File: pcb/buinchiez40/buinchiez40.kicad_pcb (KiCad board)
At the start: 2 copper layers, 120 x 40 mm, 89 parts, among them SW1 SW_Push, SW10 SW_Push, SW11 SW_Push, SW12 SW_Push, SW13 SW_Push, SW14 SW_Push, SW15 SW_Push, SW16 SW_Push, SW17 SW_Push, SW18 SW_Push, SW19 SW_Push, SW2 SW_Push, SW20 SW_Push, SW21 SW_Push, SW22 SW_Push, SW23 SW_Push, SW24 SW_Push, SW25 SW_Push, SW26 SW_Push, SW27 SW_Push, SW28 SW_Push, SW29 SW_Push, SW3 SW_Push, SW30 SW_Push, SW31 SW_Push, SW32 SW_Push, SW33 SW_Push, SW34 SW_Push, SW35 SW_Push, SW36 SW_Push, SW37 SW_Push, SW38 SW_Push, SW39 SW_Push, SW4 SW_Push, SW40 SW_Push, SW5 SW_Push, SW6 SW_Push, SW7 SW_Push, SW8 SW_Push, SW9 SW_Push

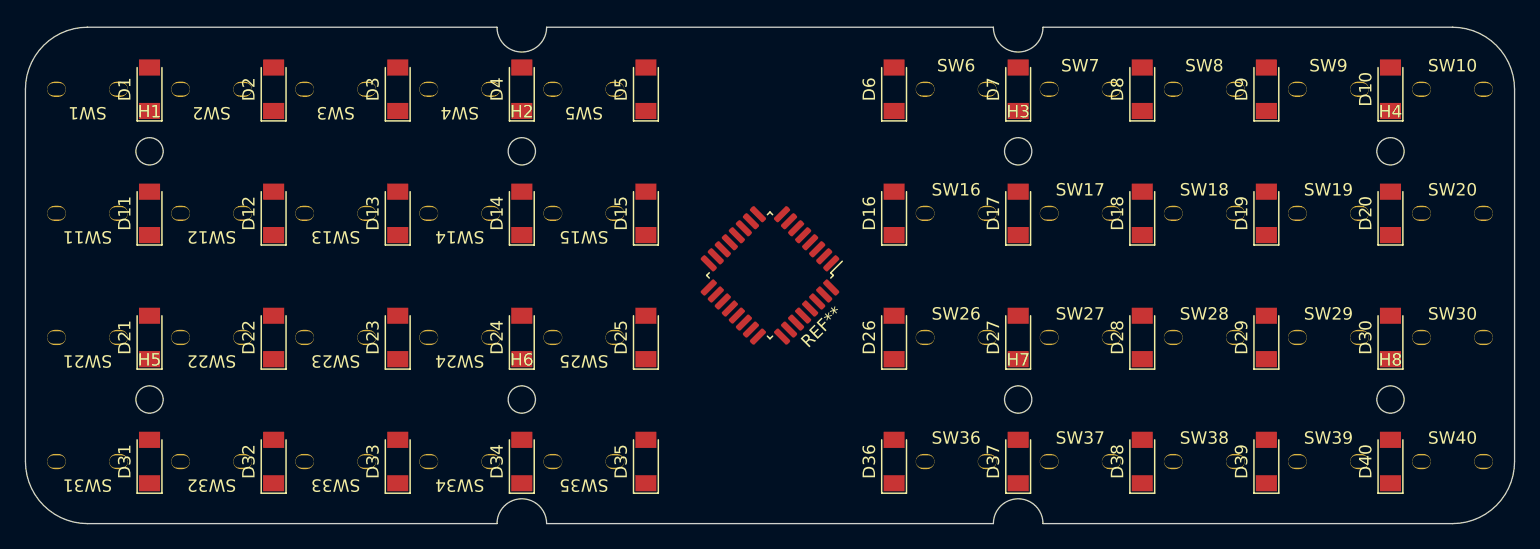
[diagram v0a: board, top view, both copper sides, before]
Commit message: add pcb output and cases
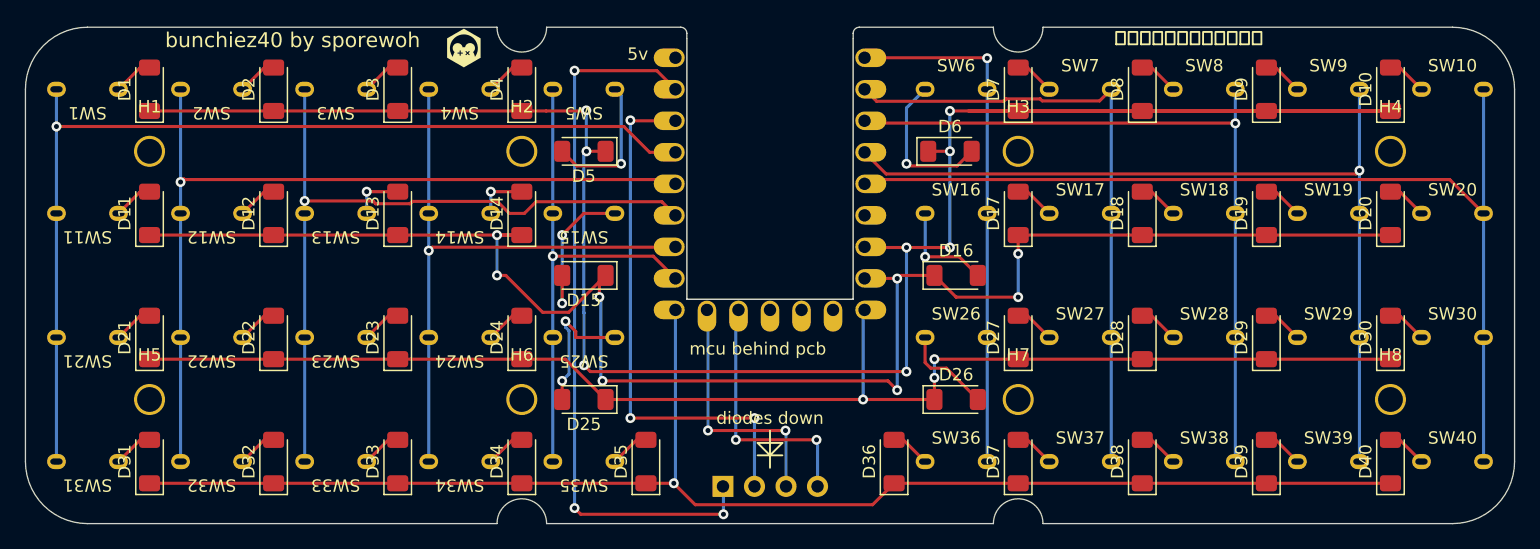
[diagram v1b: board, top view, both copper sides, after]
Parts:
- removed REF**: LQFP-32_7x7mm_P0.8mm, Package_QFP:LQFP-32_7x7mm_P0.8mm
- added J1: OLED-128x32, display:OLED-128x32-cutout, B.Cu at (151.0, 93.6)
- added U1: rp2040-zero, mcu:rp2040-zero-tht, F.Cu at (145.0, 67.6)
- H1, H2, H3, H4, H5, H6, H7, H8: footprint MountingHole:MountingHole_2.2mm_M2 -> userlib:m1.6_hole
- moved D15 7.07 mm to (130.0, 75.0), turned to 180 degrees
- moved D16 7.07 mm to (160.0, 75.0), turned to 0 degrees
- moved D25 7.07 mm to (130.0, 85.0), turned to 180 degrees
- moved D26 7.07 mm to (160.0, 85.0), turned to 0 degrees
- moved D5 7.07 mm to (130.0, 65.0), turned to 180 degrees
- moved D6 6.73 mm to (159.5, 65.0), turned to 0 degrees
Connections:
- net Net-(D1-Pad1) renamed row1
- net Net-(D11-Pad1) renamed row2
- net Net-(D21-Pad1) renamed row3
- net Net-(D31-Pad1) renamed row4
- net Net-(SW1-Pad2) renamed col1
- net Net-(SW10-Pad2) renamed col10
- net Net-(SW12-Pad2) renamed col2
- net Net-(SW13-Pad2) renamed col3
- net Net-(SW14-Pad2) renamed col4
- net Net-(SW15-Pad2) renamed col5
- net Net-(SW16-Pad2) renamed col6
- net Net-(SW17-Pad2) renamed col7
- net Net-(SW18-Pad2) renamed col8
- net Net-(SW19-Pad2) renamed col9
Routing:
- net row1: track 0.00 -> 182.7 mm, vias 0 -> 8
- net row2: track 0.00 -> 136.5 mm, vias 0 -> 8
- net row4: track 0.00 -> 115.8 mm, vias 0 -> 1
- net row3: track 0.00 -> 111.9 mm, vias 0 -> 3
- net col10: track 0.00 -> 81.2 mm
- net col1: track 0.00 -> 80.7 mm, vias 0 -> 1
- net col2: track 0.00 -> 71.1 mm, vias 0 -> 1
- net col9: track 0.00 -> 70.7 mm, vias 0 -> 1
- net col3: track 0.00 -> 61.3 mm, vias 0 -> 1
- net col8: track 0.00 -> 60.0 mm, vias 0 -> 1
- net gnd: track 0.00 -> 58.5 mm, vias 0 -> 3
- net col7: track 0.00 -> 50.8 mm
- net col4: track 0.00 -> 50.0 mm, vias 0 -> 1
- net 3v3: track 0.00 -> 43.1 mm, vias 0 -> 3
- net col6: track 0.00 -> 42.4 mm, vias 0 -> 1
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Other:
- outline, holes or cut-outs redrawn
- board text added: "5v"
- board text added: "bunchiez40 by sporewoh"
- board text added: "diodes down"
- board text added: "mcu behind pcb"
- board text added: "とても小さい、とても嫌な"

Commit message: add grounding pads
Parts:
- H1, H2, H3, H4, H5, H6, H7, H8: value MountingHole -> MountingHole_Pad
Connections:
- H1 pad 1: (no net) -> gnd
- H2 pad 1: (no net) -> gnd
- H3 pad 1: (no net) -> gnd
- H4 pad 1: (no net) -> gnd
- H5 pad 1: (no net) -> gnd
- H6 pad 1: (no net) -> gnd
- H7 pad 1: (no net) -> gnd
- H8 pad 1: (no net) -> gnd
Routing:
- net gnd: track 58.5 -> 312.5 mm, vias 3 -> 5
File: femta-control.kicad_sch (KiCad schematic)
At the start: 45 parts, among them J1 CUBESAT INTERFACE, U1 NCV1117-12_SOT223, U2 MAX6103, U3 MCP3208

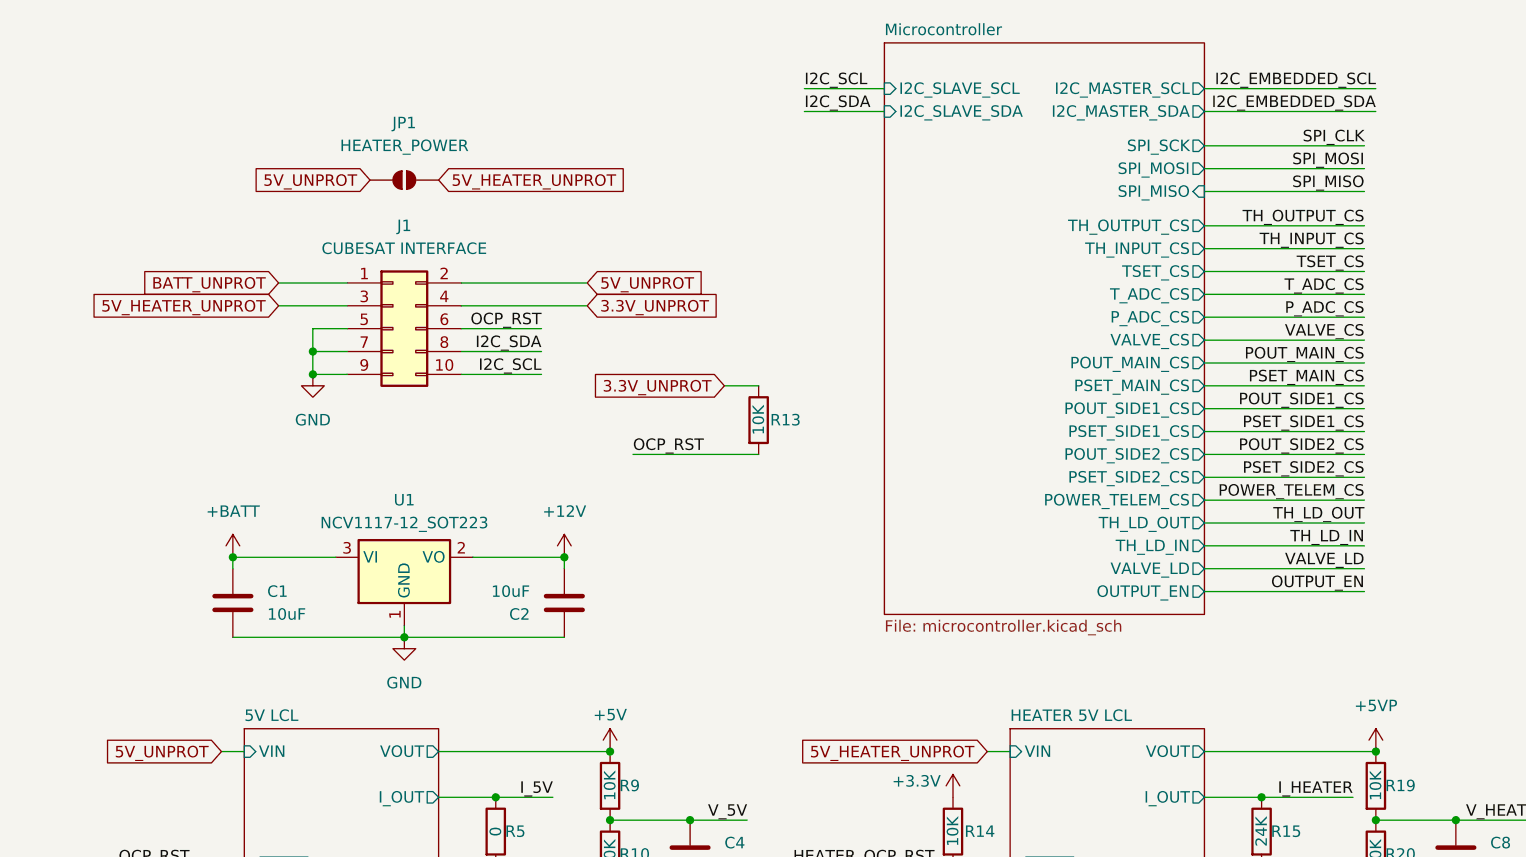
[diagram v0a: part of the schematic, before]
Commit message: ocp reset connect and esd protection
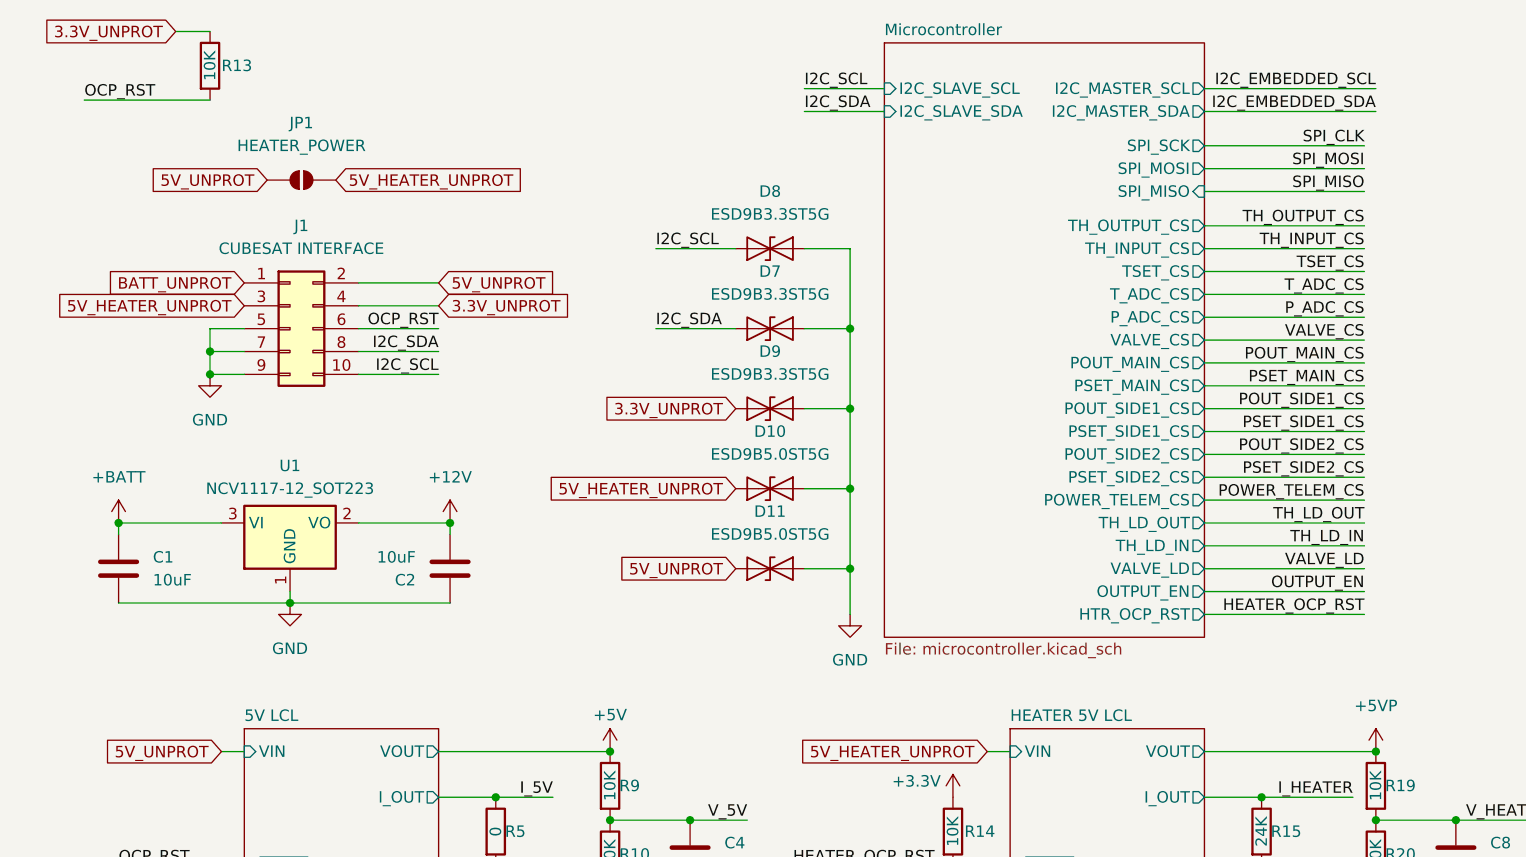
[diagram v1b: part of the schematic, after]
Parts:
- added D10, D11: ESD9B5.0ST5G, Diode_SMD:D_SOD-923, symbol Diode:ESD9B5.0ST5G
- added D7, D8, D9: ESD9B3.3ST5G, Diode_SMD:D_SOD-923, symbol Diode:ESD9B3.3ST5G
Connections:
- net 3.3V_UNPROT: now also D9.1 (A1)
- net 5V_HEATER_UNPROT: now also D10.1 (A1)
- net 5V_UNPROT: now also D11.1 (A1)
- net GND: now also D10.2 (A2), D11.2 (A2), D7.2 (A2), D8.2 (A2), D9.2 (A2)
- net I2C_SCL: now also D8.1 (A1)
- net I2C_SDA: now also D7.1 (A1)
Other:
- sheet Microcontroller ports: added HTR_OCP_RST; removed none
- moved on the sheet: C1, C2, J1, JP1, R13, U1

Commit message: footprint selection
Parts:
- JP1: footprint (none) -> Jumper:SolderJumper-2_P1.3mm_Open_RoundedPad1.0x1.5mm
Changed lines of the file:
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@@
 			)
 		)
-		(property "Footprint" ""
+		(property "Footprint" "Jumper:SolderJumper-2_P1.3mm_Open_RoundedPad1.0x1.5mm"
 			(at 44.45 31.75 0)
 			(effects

* _Your task_: Filter the listing above, keeping only the lines with "both".

* _Answer space_:
[diagram v0a: board, top view, both copper sides, before]
[diagram v1b: board, top view, both copper sides, after]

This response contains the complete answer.